# [TASK DIRECTIONS]
Please write out all of the data below exactly, without including the pictures.

# [Items from a dataset]
____
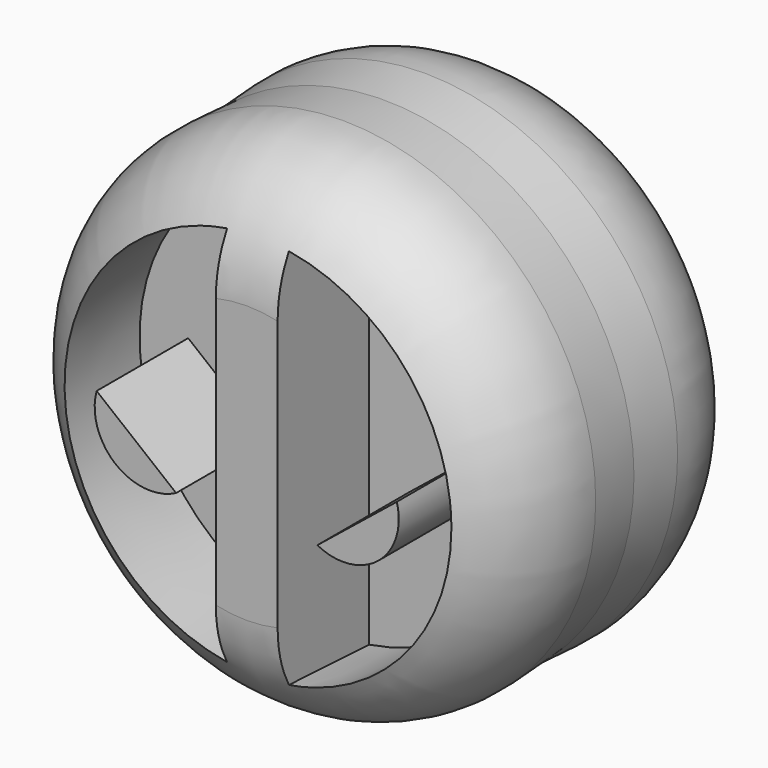
from build123d import *

# Parameters (mm, degrees)
F0_R         = 55.5262746105
F1_DEPTH     = 38.1
F1_TAPER     = -3
F2_DEPTH     = 38.1
F3_DEPTH     = 12.7
F4_DEPTH     = 38.1
F5_S5_R      = 12.3526687507
F5_T6_DEPTH  = 90
F5_S7_R      = 12.3526687507
F5_T8_DEPTH  = 90
F5_S13_R     = 12.3526687507
F5_T14_DEPTH = 90
F5_S15_R     = 12.3526687507
F5_T16_DEPTH = 90


# Not quite as in the source:
# - a fillet or chamfer that OpenCascade refuses, or shapes differently, is made with other operations: its cross-section is extruded or revolved along the edge and cut away or added
# - two fillets or chamfers of one size are made in one step


with BuildPart() as f1:
    # F0 (on Front) → F1 (new body, symmetric)
    with BuildSketch(Plane.XZ):
        Circle(F0_R)
        with BuildLine():
            ThreePointArc((6.861501839, 44.2620349836), (34.0113180152, 29.1451230097), (44.790712747, 0))
            ThreePointArc((44.790712747, 0), (34.0113180152, -29.1451230097), (6.861501839, -44.2620349836))
            Line((6.861501839, -44.2620349836), (6.861501839, -46.4376546443))
            Line((6.861501839, -46.4376546443), (-6.8615009077, -46.4376546443))
            Line((-6.8615009077, -46.4376546443), (-6.8615009077, -44.262035128))
            ThreePointArc((-6.8615009077, -44.262035128), (-44.790712747, 0), (-6.8615009077, 44.262035128))
            Line((-6.8615009077, 44.262035128), (-6.8615009077, 48.6431419849))
            Line((-6.8615009077, 48.6431419849), (6.861501839, 48.6431419849))
            Line((6.861501839, 48.6431419849), (6.861501839, 44.2620349836))
        make_face(mode=Mode.SUBTRACT)
        with BuildLine():
            ThreePointArc((-6.8615009077, 44.262035128), (4.712e-07, 44.790712747), (6.861501839, 44.2620349836))
            Line((6.861501839, 44.2620349836), (6.861501839, 48.6431419849))
            Line((6.861501839, 48.6431419849), (-6.8615009077, 48.6431419849))
            Line((-6.8615009077, 48.6431419849), (-6.8615009077, 44.262035128))
        make_face()
        with BuildLine():
            Line((6.861501839, -46.4376546443), (6.861501839, -44.2620349836))
            ThreePointArc((6.861501839, -44.2620349836), (4.712e-07, -44.790712747), (-6.8615009077, -44.262035128))
            Line((-6.8615009077, -44.262035128), (-6.8615009077, -46.4376546443))
            Line((-6.8615009077, -46.4376546443), (6.861501839, -46.4376546443))
        make_face()
    extrude(amount=F1_DEPTH, both=True, taper=F1_TAPER)

    # F0 (on Front) → F2 (join, symmetric)
    with BuildSketch(Plane.XZ):
        with BuildLine():
            Line((6.861501839, -44.2620349836), (6.861501839, 44.2620349836))
            ThreePointArc((6.861501839, 44.2620349836), (4.712e-07, 44.790712747), (-6.8615009077, 44.262035128))
            Line((-6.8615009077, 44.262035128), (-6.8615009077, -44.262035128))
            ThreePointArc((-6.8615009077, -44.262035128), (4.712e-07, -44.790712747), (6.861501839, -44.2620349836))
        make_face()
    extrude(amount=F2_DEPTH, both=True)

    # F0 (on Front) → F3 (join, symmetric)
    with BuildSketch(Plane.XZ):
        with BuildLine():
            Line((-6.8615009077, -44.262035128), (-6.8615009077, 44.262035128))
            ThreePointArc((-6.8615009077, 44.262035128), (-44.790712747, 0), (-6.8615009077, -44.262035128))
        make_face()
        with BuildLine():
            ThreePointArc((-15.6834311783, -10.942174576), (-29.1647493256, -9.6196886086), (-33.3272889256, 3.270934813))
            Line((-33.3272889256, 3.270934813), (-15.6834311783, -10.942174576))
        make_face(mode=Mode.SUBTRACT)
        with BuildLine():
            ThreePointArc((6.861501839, -44.2620349836), (34.0113180152, -29.1451230097), (44.790712747, 0))
            ThreePointArc((44.790712747, 0), (34.0113180152, 29.1451230097), (6.861501839, 44.2620349836))
            Line((6.861501839, 44.2620349836), (6.861501839, -44.2620349836))
        make_face()
        with BuildLine():
            Line((15.6834311783, -10.942174576), (33.3272889256, 3.270934813))
            ThreePointArc((33.3272889256, 3.270934813), (29.1647493256, -9.6196886086), (15.6834311783, -10.942174576))
        make_face(mode=Mode.SUBTRACT)
    extrude(amount=F3_DEPTH, both=True)

    # F0 (on Front) → F4 (join, symmetric)
    with BuildSketch(Plane.XZ):
        with BuildLine():
            Line((-15.6834311783, -10.942174576), (-33.3272889256, 3.270934813))
            ThreePointArc((-33.3272889256, 3.270934813), (-29.1647493256, -9.6196886086), (-15.6834311783, -10.942174576))
        make_face()
        with BuildLine():
            ThreePointArc((15.6834311783, -10.942174576), (29.1647493256, -9.6196886086), (33.3272889256, 3.270934813))
            Line((33.3272889256, 3.270934813), (15.6834311783, -10.942174576))
        make_face()
    extrude(amount=F4_DEPTH, both=True)

    # F5: fillet of radius 25.4 on 2 edges, made by hand


with BuildPart() as f5_tool2:
    # F5_s3 → F5_t4 (revolve)
    with BuildSketch(Plane.XY):
        with BuildLine():
            ThreePointArc((30.7569958191, 38.1), (49.1815048428, 30.1842062226), (56.1221860018, 11.3706667114))
            Line((56.1221860018, 11.3706667114), (57.5230110012, 38.1))
            Line((57.5230110012, 38.1), (30.7569958191, 38.1))
        make_face()
    revolve(axis=Axis((0, 38.1, 0), (0, -1, 0)))

    # F5_s5 → F5_t6 (cut, symmetric)
    with BuildSketch(Plane.XZ.offset(-16.4)):
        with Locations((-21.415554765, 0)):
            Circle(F5_S5_R)
    extrude(amount=F5_T6_DEPTH, both=True, mode=Mode.SUBTRACT)

    # F5_s7 → F5_t8 (cut, symmetric)
    with BuildSketch(Plane.XZ.offset(-16.4)):
        with Locations((21.415554765, 0)):
            Circle(F5_S7_R)
    extrude(amount=F5_T8_DEPTH, both=True, mode=Mode.SUBTRACT)


with BuildPart() as f1_1:
    add(f1.part)

    # F5_t1: cut F5_tool2
    add(f5_tool2.part, mode=Mode.SUBTRACT)


with BuildPart() as f5_tool10:
    # F5_s11 → F5_t12 (revolve)
    with BuildSketch(Plane.XY):
        with BuildLine():
            ThreePointArc((56.1221860018, -11.3706667114), (49.1815048428, -30.1842062226), (30.7569958191, -38.1))
            Line((30.7569958191, -38.1), (57.5230110012, -38.1))
            Line((57.5230110012, -38.1), (56.1221860018, -11.3706667114))
        make_face()
    revolve(axis=Axis((0, -38.1, 0), (0, 1, 0)))

    # F5_s13 → F5_t14 (cut, symmetric)
    with BuildSketch(Plane.XZ.offset(16.4)):
        with Locations((21.415554765, 0)):
            Circle(F5_S13_R)
    extrude(amount=F5_T14_DEPTH, both=True, mode=Mode.SUBTRACT)

    # F5_s15 → F5_t16 (cut, symmetric)
    with BuildSketch(Plane.XZ.offset(16.4)):
        with Locations((-21.415554765, 0)):
            Circle(F5_S15_R)
    extrude(amount=F5_T16_DEPTH, both=True, mode=Mode.SUBTRACT)


with BuildPart() as f1_2:
    add(f1_1.part)

    # F5_t9: cut F5_tool10
    add(f5_tool10.part, mode=Mode.SUBTRACT)


solid = f1_2.part
____
# [ANSWER BOX]
from build123d import *

# Parameters (mm, degrees)
F0_R         = 55.5262746105
F1_DEPTH     = 38.1
F1_TAPER     = -3
F2_DEPTH     = 38.1
F3_DEPTH     = 12.7
F4_DEPTH     = 38.1
F5_S5_R      = 12.3526687507
F5_T6_DEPTH  = 90
F5_S7_R      = 12.3526687507
F5_T8_DEPTH  = 90
F5_S13_R     = 12.3526687507
F5_T14_DEPTH = 90
F5_S15_R     = 12.3526687507
F5_T16_DEPTH = 90


# Not quite as in the source:
# - a fillet or chamfer that OpenCascade refuses, or shapes differently, is made with other operations: its cross-section is extruded or revolved along the edge and cut away or added
# - two fillets or chamfers of one size are made in one step


with BuildPart() as f1:
    # F0 (on Front) → F1 (new body, symmetric)
    with BuildSketch(Plane.XZ):
        Circle(F0_R)
        with BuildLine():
            ThreePointArc((6.861501839, 44.2620349836), (34.0113180152, 29.1451230097), (44.790712747, 0))
            ThreePointArc((44.790712747, 0), (34.0113180152, -29.1451230097), (6.861501839, -44.2620349836))
            Line((6.861501839, -44.2620349836), (6.861501839, -46.4376546443))
            Line((6.861501839, -46.4376546443), (-6.8615009077, -46.4376546443))
            Line((-6.8615009077, -46.4376546443), (-6.8615009077, -44.262035128))
            ThreePointArc((-6.8615009077, -44.262035128), (-44.790712747, 0), (-6.8615009077, 44.262035128))
            Line((-6.8615009077, 44.262035128), (-6.8615009077, 48.6431419849))
            Line((-6.8615009077, 48.6431419849), (6.861501839, 48.6431419849))
            Line((6.861501839, 48.6431419849), (6.861501839, 44.2620349836))
        make_face(mode=Mode.SUBTRACT)
        with BuildLine():
            ThreePointArc((-6.8615009077, 44.262035128), (4.712e-07, 44.790712747), (6.861501839, 44.2620349836))
            Line((6.861501839, 44.2620349836), (6.861501839, 48.6431419849))
            Line((6.861501839, 48.6431419849), (-6.8615009077, 48.6431419849))
            Line((-6.8615009077, 48.6431419849), (-6.8615009077, 44.262035128))
        make_face()
        with BuildLine():
            Line((6.861501839, -46.4376546443), (6.861501839, -44.2620349836))
            ThreePointArc((6.861501839, -44.2620349836), (4.712e-07, -44.790712747), (-6.8615009077, -44.262035128))
            Line((-6.8615009077, -44.262035128), (-6.8615009077, -46.4376546443))
            Line((-6.8615009077, -46.4376546443), (6.861501839, -46.4376546443))
        make_face()
    extrude(amount=F1_DEPTH, both=True, taper=F1_TAPER)

    # F0 (on Front) → F2 (join, symmetric)
    with BuildSketch(Plane.XZ):
        with BuildLine():
            Line((6.861501839, -44.2620349836), (6.861501839, 44.2620349836))
            ThreePointArc((6.861501839, 44.2620349836), (4.712e-07, 44.790712747), (-6.8615009077, 44.262035128))
            Line((-6.8615009077, 44.262035128), (-6.8615009077, -44.262035128))
            ThreePointArc((-6.8615009077, -44.262035128), (4.712e-07, -44.790712747), (6.861501839, -44.2620349836))
        make_face()
    extrude(amount=F2_DEPTH, both=True)

    # F0 (on Front) → F3 (join, symmetric)
    with BuildSketch(Plane.XZ):
        with BuildLine():
            Line((-6.8615009077, -44.262035128), (-6.8615009077, 44.262035128))
            ThreePointArc((-6.8615009077, 44.262035128), (-44.790712747, 0), (-6.8615009077, -44.262035128))
        make_face()
        with BuildLine():
            ThreePointArc((-15.6834311783, -10.942174576), (-29.1647493256, -9.6196886086), (-33.3272889256, 3.270934813))
            Line((-33.3272889256, 3.270934813), (-15.6834311783, -10.942174576))
        make_face(mode=Mode.SUBTRACT)
        with BuildLine():
            ThreePointArc((6.861501839, -44.2620349836), (34.0113180152, -29.1451230097), (44.790712747, 0))
            ThreePointArc((44.790712747, 0), (34.0113180152, 29.1451230097), (6.861501839, 44.2620349836))
            Line((6.861501839, 44.2620349836), (6.861501839, -44.2620349836))
        make_face()
        with BuildLine():
            Line((15.6834311783, -10.942174576), (33.3272889256, 3.270934813))
            ThreePointArc((33.3272889256, 3.270934813), (29.1647493256, -9.6196886086), (15.6834311783, -10.942174576))
        make_face(mode=Mode.SUBTRACT)
    extrude(amount=F3_DEPTH, both=True)

    # F0 (on Front) → F4 (join, symmetric)
    with BuildSketch(Plane.XZ):
        with BuildLine():
            Line((-15.6834311783, -10.942174576), (-33.3272889256, 3.270934813))
            ThreePointArc((-33.3272889256, 3.270934813), (-29.1647493256, -9.6196886086), (-15.6834311783, -10.942174576))
        make_face()
        with BuildLine():
            ThreePointArc((15.6834311783, -10.942174576), (29.1647493256, -9.6196886086), (33.3272889256, 3.270934813))
            Line((33.3272889256, 3.270934813), (15.6834311783, -10.942174576))
        make_face()
    extrude(amount=F4_DEPTH, both=True)

    # F5: fillet of radius 25.4 on 2 edges, made by hand


with BuildPart() as f5_tool2:
    # F5_s3 → F5_t4 (revolve)
    with BuildSketch(Plane.XY):
        with BuildLine():
            ThreePointArc((30.7569958191, 38.1), (49.1815048428, 30.1842062226), (56.1221860018, 11.3706667114))
            Line((56.1221860018, 11.3706667114), (57.5230110012, 38.1))
            Line((57.5230110012, 38.1), (30.7569958191, 38.1))
        make_face()
    revolve(axis=Axis((0, 38.1, 0), (0, -1, 0)))

    # F5_s5 → F5_t6 (cut, symmetric)
    with BuildSketch(Plane.XZ.offset(-16.4)):
        with Locations((-21.415554765, 0)):
            Circle(F5_S5_R)
    extrude(amount=F5_T6_DEPTH, both=True, mode=Mode.SUBTRACT)

    # F5_s7 → F5_t8 (cut, symmetric)
    with BuildSketch(Plane.XZ.offset(-16.4)):
        with Locations((21.415554765, 0)):
            Circle(F5_S7_R)
    extrude(amount=F5_T8_DEPTH, both=True, mode=Mode.SUBTRACT)


with BuildPart() as f1_1:
    add(f1.part)

    # F5_t1: cut F5_tool2
    add(f5_tool2.part, mode=Mode.SUBTRACT)


with BuildPart() as f5_tool10:
    # F5_s11 → F5_t12 (revolve)
    with BuildSketch(Plane.XY):
        with BuildLine():
            ThreePointArc((56.1221860018, -11.3706667114), (49.1815048428, -30.1842062226), (30.7569958191, -38.1))
            Line((30.7569958191, -38.1), (57.5230110012, -38.1))
            Line((57.5230110012, -38.1), (56.1221860018, -11.3706667114))
        make_face()
    revolve(axis=Axis((0, -38.1, 0), (0, 1, 0)))

    # F5_s13 → F5_t14 (cut, symmetric)
    with BuildSketch(Plane.XZ.offset(16.4)):
        with Locations((21.415554765, 0)):
            Circle(F5_S13_R)
    extrude(amount=F5_T14_DEPTH, both=True, mode=Mode.SUBTRACT)

    # F5_s15 → F5_t16 (cut, symmetric)
    with BuildSketch(Plane.XZ.offset(16.4)):
        with Locations((-21.415554765, 0)):
            Circle(F5_S15_R)
    extrude(amount=F5_T16_DEPTH, both=True, mode=Mode.SUBTRACT)


with BuildPart() as f1_2:
    add(f1_1.part)

    # F5_t9: cut F5_tool10
    add(f5_tool10.part, mode=Mode.SUBTRACT)


solid = f1_2.part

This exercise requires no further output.